═══ RECORDS FOR THE TASK ═══

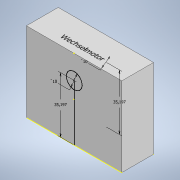
# Autodesk Inventor part: Wechselmotor
Saved by Autodesk Inventor 2021 (Build 250183000, 183)
## iProperties
Created: 2021-01-28
Part Number: Wechselmotor
Material: Generisch
Document SubType Name: Modeling
Designer: LETPJG
Density: 1 g/cm^3
Appearance: Vorgabe
Author: LETPJG
Autodesk Inventor part; units mm, degrees
ref_plane "YZ Plane" through (0, 0, 0) normal (1, 0, 0) x (0, 1, 0)
ref_plane "XZ Plane" through (0, 0, 0) normal (0, 1, 0) x (-1, 0, 0)
ref_plane "XY Plane" through (0, 0, 0) normal (0, 0, 1) x (1, 0, 0)
sketch "Skizze1" plane through (0, 0, 0) normal (0, 0, 1) x (1, 0, 0)
  line L0 (-30, 25) -> (30, 25)
  line L1 (30, 25) -> (30, -25)
  line L2 (30, -25) -> (-30, -25)
  line L3 (-30, -25) -> (-30, 25)
  line L4 (0, -25) -> (0, 10.197)
  point P0 (0, 0)
  point P1 (-30, 0)
  point P2 (0, 25)
  dimension "d0" = 60
  dimension "d1" = 50
  constraints: 10 end point, 3 midpoint, 2 parallel, 1 coincident, 1 horizontal, 1 horizontal alignment, 1 perpendicular, 1 vertical, 1 vertical alignment
  measures "d0" distance of L0.start L0.end
  measures "d1" distance of L0.end L1.end
extrude "Extrusion1" add sketch "Skizze1" against normal blind 20
sketch "Skizze2" plane through (0, 0, 0) normal (0, 0, 1) x (1, 0, 0)
  line L0 (30, -25) -> (-30, -25) projected
  line L1 (0, -25) -> (0, 10.197)
  circle A0 centre (0, 10.197) radius 5
  point P0 (0, 0)
  dimension "d6" = 35.197
  dimension "d8" = 10
  constraints: 2 coincident, 2 end point, 1 centre point, 1 midpoint, 1 vertical
  measures "d6" distance of L1.start L1.end
  measures "d8" diameter of A0
sketch "Skizze3" plane through (0, 0, -20) normal (0, 0, -1) x (-1, 0, 0)
  line L0 (-30, -25) -> (30, -25) projected
  line L1 (0, -25) -> (0, 10.197)
  circle A0 centre (0, 10.197) radius 5
  point P0 (0, 0)
  dimension "d7" = 35.197
  dimension "d9" = 10
  constraints: 2 end point, 1 centre point, 1 coincident, 1 midpoint, 1 vertical
  measures "d7" distance of L1.start L1.end
  measures "d9" diameter of A0
sketch "Skizze4" plane through (-30, 25, 0) normal (0, 1, 0) x (1, 0, 0)
  line L0 (16.6068, 7.4409) -> (69.3206, 7.4409) construction
  line L1 (69.3206, 7.4409) -> (69.3206, -2.9881) construction
  line L2 (69.3206, -2.9881) -> (16.6068, -2.9881) construction
  line L3 (16.6068, -2.9881) -> (16.6068, 7.4409) construction
  point P0 (30, 0)
  constraints: 2 other

═══

● PROMPT
Excluding every picture, write out each record word for word.

● SOLUTION TO THIS PROBLEM
# Autodesk Inventor part: Wechselmotor
Saved by Autodesk Inventor 2021 (Build 250183000, 183)
## iProperties
Created: 2021-01-28
Part Number: Wechselmotor
Material: Generisch
Document SubType Name: Modeling
Designer: LETPJG
Density: 1 g/cm^3
Appearance: Vorgabe
Author: LETPJG
Autodesk Inventor part; units mm, degrees
ref_plane "YZ Plane" through (0, 0, 0) normal (1, 0, 0) x (0, 1, 0)
ref_plane "XZ Plane" through (0, 0, 0) normal (0, 1, 0) x (-1, 0, 0)
ref_plane "XY Plane" through (0, 0, 0) normal (0, 0, 1) x (1, 0, 0)
sketch "Skizze1" plane through (0, 0, 0) normal (0, 0, 1) x (1, 0, 0)
  line L0 (-30, 25) -> (30, 25)
  line L1 (30, 25) -> (30, -25)
  line L2 (30, -25) -> (-30, -25)
  line L3 (-30, -25) -> (-30, 25)
  line L4 (0, -25) -> (0, 10.197)
  point P0 (0, 0)
  point P1 (-30, 0)
  point P2 (0, 25)
  dimension "d0" = 60
  dimension "d1" = 50
  constraints: 10 end point, 3 midpoint, 2 parallel, 1 coincident, 1 horizontal, 1 horizontal alignment, 1 perpendicular, 1 vertical, 1 vertical alignment
  measures "d0" distance of L0.start L0.end
  measures "d1" distance of L0.end L1.end
extrude "Extrusion1" add sketch "Skizze1" against normal blind 20
sketch "Skizze2" plane through (0, 0, 0) normal (0, 0, 1) x (1, 0, 0)
  line L0 (30, -25) -> (-30, -25) projected
  line L1 (0, -25) -> (0, 10.197)
  circle A0 centre (0, 10.197) radius 5
  point P0 (0, 0)
  dimension "d6" = 35.197
  dimension "d8" = 10
  constraints: 2 coincident, 2 end point, 1 centre point, 1 midpoint, 1 vertical
  measures "d6" distance of L1.start L1.end
  measures "d8" diameter of A0
sketch "Skizze3" plane through (0, 0, -20) normal (0, 0, -1) x (-1, 0, 0)
  line L0 (-30, -25) -> (30, -25) projected
  line L1 (0, -25) -> (0, 10.197)
  circle A0 centre (0, 10.197) radius 5
  point P0 (0, 0)
  dimension "d7" = 35.197
  dimension "d9" = 10
  constraints: 2 end point, 1 centre point, 1 coincident, 1 midpoint, 1 vertical
  measures "d7" distance of L1.start L1.end
  measures "d9" diameter of A0
sketch "Skizze4" plane through (-30, 25, 0) normal (0, 1, 0) x (1, 0, 0)
  line L0 (16.6068, 7.4409) -> (69.3206, 7.4409) construction
  line L1 (69.3206, 7.4409) -> (69.3206, -2.9881) construction
  line L2 (69.3206, -2.9881) -> (16.6068, -2.9881) construction
  line L3 (16.6068, -2.9881) -> (16.6068, 7.4409) construction
  point P0 (30, 0)
  constraints: 2 other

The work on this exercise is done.